External API Connections
From version 2.2, encryption(in-flight, at-rest) for all jobs and catalog is enabled. All the existing jobs(User created, and also system created) were updated with encryption related settings, and all the newly created jobs will have encryption enabled automatically.
External API connections are used to import data from APIs to Amorphic Dataset. Only API Authentication of type BASIC is supported as of now.
Below are the ways to create an External API
BASIC
To create an External API connection, user has to enter API Endpoint, HTTP Method and Query String Parameters. Below image shows how to create an External API Connection
Attribute | Description |
---|---|
Connection Name | Name of the connection Amorphic |
Connection Type | Type of connection. In this case it is ExternalAPI |
Description | Connection related information user wants to store |
Authorized Users | Amorphic users to whom user wants to have access to this connection |
API Endpoint | Endpoint URL from which data needs to be extracted |
API Authentication | As of version 1.1.3 only BASIC is supported |
Method | HTTP Method, as of version 1.1.3 only GET and POST are allowed |
Query Params | Query string parameters which the API URL takes as input. |
Version | Enables the user to select what version of ingestion scripts to use (Amorphic specific). For any new feature/Glue version that gets added to the underlying ingestion script, new version will be added to the Amorphic. |
Additionally, the timeout for the ingestion process can be set during connection creation by adding a key IngestionTimeout to ConnectionDetails in the input payload. The value should be between 1 and 2880 and is expected in minutes. If the value is not provided the default value of 480(8hours) would be used. Please note that this feature is available exclusively via API.
{
"ConnectionDetails": {
"url": "https://example.com/datafile.csv",
"auth_mechanism": "basic",
"query_parameters": {},
"method": "GET",
"IngestionTimeout": 222
},
}
This timeout can be overridden during schedule creation and schedule run by providing an argument MaxTimeOut.
External API details
In the details page, Estimated Cost of the Connection is also displayed to show the approximate cost incurred since creation.
Edit
There is an option to edit an External API Connection.
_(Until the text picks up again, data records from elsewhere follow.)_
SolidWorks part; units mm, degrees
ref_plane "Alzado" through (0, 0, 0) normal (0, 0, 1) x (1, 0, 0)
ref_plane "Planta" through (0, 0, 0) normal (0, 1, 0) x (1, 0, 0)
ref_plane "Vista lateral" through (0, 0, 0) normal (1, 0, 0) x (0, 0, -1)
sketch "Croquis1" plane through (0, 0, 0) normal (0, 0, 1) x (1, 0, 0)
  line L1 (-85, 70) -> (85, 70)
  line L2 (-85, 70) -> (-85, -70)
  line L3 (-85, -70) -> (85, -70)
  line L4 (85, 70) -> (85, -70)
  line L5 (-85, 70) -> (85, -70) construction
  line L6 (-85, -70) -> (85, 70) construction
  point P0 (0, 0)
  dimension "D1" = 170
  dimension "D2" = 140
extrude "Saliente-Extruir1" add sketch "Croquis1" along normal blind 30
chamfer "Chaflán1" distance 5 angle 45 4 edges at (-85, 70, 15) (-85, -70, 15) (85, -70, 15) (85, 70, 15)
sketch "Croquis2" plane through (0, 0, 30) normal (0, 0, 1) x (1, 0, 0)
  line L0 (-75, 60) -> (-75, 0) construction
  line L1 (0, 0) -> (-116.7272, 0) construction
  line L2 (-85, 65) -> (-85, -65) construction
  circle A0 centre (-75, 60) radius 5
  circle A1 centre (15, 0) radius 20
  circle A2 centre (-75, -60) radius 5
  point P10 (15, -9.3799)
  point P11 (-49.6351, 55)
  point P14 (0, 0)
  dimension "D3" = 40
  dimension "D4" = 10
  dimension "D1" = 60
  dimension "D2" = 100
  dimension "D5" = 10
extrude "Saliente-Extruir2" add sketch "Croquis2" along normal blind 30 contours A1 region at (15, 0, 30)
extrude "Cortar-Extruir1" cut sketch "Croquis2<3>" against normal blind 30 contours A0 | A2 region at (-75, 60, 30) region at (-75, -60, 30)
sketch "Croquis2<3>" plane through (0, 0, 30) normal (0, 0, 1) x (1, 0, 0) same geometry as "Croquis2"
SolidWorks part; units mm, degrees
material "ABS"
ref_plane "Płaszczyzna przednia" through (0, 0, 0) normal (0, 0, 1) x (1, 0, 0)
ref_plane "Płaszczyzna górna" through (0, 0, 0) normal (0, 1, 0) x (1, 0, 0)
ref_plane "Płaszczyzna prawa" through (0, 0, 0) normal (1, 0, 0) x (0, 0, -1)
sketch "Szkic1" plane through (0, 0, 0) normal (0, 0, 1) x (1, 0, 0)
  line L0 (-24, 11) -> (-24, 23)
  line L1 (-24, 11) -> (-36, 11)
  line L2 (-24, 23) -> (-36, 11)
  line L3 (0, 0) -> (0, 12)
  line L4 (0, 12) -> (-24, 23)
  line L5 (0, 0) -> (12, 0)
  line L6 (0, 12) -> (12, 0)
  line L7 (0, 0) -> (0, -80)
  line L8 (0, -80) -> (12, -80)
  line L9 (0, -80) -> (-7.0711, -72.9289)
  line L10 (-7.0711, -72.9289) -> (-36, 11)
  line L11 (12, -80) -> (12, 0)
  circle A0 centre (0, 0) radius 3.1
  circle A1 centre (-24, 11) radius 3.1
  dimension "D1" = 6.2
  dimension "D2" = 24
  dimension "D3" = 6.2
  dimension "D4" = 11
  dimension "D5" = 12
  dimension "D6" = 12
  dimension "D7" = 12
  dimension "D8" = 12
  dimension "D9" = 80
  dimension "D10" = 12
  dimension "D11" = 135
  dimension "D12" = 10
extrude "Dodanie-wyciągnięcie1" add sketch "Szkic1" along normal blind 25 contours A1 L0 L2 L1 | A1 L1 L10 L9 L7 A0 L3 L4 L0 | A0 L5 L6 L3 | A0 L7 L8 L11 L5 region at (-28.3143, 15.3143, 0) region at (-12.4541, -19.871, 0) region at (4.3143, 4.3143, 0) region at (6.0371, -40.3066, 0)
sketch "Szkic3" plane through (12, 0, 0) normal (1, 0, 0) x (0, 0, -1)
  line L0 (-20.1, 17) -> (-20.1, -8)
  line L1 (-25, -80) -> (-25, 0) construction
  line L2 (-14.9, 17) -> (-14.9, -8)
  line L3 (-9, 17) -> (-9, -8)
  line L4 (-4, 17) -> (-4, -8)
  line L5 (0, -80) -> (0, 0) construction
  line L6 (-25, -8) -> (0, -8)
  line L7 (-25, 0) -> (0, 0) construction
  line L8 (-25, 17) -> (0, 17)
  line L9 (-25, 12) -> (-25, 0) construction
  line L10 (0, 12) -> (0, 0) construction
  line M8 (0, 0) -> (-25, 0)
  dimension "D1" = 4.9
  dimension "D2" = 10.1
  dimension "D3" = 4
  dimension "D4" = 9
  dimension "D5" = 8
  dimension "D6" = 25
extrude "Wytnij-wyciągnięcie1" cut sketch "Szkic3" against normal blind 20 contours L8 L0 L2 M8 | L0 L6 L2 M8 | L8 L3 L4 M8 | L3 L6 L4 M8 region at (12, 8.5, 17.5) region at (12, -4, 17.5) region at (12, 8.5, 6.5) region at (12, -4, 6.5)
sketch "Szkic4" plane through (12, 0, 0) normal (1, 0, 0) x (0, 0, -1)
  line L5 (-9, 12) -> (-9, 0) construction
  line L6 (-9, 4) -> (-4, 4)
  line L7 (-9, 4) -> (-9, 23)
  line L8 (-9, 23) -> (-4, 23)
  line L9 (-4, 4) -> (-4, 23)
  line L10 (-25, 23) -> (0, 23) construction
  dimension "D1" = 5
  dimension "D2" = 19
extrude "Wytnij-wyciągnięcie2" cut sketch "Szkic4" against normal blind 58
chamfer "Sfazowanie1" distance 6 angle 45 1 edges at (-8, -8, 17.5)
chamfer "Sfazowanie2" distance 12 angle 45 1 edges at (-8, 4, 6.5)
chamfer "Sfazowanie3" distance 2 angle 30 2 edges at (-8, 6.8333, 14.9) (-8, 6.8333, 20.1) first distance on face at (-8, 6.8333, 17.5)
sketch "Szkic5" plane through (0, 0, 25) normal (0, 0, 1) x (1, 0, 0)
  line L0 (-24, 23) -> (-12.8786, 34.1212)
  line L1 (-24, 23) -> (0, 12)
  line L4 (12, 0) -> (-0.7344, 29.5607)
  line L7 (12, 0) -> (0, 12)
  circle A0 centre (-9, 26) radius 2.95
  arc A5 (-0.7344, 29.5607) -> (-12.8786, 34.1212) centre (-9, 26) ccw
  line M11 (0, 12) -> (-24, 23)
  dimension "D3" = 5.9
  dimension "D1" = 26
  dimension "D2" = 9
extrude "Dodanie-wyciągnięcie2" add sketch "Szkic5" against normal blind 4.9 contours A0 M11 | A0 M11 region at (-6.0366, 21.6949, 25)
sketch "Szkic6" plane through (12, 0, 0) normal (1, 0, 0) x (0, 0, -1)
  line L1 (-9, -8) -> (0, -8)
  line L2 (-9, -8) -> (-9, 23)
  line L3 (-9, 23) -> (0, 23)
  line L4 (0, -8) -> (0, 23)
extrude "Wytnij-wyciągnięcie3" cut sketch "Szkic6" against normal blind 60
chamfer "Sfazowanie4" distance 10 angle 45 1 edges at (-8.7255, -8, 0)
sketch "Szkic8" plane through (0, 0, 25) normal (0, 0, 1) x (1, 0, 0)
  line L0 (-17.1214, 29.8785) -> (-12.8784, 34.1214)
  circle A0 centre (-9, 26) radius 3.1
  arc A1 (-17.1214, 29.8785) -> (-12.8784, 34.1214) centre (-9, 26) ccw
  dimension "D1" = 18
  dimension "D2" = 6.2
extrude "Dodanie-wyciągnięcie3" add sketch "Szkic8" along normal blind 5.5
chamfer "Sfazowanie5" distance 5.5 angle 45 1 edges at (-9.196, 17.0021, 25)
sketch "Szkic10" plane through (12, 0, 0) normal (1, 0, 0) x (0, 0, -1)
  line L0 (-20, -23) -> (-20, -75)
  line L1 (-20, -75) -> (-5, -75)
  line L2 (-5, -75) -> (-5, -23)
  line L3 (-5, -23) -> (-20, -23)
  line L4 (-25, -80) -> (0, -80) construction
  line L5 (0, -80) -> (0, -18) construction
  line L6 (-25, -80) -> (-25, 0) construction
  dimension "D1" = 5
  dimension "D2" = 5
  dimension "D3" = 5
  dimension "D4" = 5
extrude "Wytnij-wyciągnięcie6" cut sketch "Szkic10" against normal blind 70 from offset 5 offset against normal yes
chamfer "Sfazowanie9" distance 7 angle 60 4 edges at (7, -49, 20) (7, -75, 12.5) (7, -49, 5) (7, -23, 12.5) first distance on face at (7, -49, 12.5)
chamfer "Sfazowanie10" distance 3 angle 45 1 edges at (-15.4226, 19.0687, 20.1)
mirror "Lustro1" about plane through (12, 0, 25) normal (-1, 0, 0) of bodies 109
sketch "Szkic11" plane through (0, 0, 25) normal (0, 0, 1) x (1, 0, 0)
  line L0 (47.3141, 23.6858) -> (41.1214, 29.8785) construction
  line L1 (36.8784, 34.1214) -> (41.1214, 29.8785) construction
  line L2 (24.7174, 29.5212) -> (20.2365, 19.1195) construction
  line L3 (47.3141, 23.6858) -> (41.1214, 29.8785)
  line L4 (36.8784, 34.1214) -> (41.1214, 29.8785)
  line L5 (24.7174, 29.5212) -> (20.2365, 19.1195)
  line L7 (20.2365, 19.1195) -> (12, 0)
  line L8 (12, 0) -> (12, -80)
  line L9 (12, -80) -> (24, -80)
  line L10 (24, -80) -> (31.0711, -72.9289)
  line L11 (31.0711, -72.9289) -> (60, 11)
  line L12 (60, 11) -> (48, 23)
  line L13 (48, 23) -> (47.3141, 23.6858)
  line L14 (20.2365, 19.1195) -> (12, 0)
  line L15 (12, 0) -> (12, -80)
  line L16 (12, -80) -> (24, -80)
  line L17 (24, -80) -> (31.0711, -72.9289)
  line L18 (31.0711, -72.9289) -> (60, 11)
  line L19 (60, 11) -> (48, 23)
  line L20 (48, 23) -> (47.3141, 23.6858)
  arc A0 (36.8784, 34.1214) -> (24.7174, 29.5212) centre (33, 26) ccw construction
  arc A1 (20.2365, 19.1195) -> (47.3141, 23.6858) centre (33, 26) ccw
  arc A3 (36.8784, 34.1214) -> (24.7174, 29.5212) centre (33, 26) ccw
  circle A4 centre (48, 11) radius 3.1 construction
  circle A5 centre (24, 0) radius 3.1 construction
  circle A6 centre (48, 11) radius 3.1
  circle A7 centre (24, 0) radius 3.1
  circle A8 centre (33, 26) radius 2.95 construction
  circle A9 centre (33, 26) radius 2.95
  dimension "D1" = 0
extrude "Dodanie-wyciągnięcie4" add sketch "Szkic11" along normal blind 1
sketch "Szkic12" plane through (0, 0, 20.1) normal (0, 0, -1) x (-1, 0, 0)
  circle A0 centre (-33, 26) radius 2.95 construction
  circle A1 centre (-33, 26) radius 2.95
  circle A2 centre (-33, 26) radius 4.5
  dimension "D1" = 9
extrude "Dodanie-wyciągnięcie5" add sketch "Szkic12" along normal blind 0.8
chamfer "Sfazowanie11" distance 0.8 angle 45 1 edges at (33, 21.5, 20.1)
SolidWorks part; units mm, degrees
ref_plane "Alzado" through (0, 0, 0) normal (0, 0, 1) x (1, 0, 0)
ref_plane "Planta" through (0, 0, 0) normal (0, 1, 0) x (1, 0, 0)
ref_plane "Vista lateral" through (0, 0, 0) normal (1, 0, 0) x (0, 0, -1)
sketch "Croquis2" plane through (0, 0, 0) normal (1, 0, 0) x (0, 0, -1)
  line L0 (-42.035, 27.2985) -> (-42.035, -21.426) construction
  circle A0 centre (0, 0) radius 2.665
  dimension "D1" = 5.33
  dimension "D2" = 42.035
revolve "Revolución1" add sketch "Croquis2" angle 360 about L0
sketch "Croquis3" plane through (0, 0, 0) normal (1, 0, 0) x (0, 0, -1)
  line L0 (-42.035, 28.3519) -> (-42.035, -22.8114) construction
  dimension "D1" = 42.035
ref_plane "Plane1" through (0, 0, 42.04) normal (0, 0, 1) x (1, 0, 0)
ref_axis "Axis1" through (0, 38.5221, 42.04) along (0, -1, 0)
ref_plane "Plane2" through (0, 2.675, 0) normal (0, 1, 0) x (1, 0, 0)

To edit an External API Connection, click the edit button which on the right corner.
Description and Authorised users of an External API Connection can be changed.
Upgrade
Users have the option to upgrade a connection if it's available, and this upgrade option will be displayed in the available options. The upgrade option is visible only when a new version is available; otherwise, it won't be shown.
Connection upgrade, upgrades the underlying Glue version and the data ingestion script with new features.
Downgrade
Users have the capability to downgrade a connection to a previous version if they believe the upgrade isn't meeting their requirements. It's important to note that a connection can only be downgraded if it has previously been upgraded. For connections that have been newly created, the option to downgrade is not available. If a connection is compatible with downgrading, you will find the downgrade option in the top right corner.
Deletion
In the upper right corner, there is a button featuring an icon of a trash can. Click on it to delete.
Connection Versions
1.1
In this version of external api connections, we added auto-reload feature for datasets of type reload.
From this version onwards, data reloads process will trigger automatically as soon as the file upload finishes through the external api connections. So that users don't need to manually trigger reload process after completion of file upload when ingesting data through external api ingestion connection.
1.2
In this version we made code changes in the underlying glue script for the support dataset custom partitioning.
From this version onwards, the data will be loaded into into a S3 LZ with the prefix containing the partition key(if you specified any) for the targets which supports dataset partitioning.
Eg. For the partition keys KeyA
, KeyB
with the values ValueA
, ValueB
respectively, the S3 prefix will be in the format
Domain/DatasetName/KeyA=ValueA
/KeyB=ValueB
/upload_date=Unix_Timestamp/UserName/FileType/.
To understand more about custom data partitioning, read the docs about dataset custom partitioning here.
1.3
In this version of external API connection, we added support of skip LZ feature.
This feature enables users to directly upload data to the data lake zone by skipping the data validation. Please refer Skip LZ related docs for more details.
1.4
No major changes were made to the underlying glue script or design, but the logging has been enhanced.
1.5
The update in this version is specifically to ensure FIPS compliance, with no changes made to the script.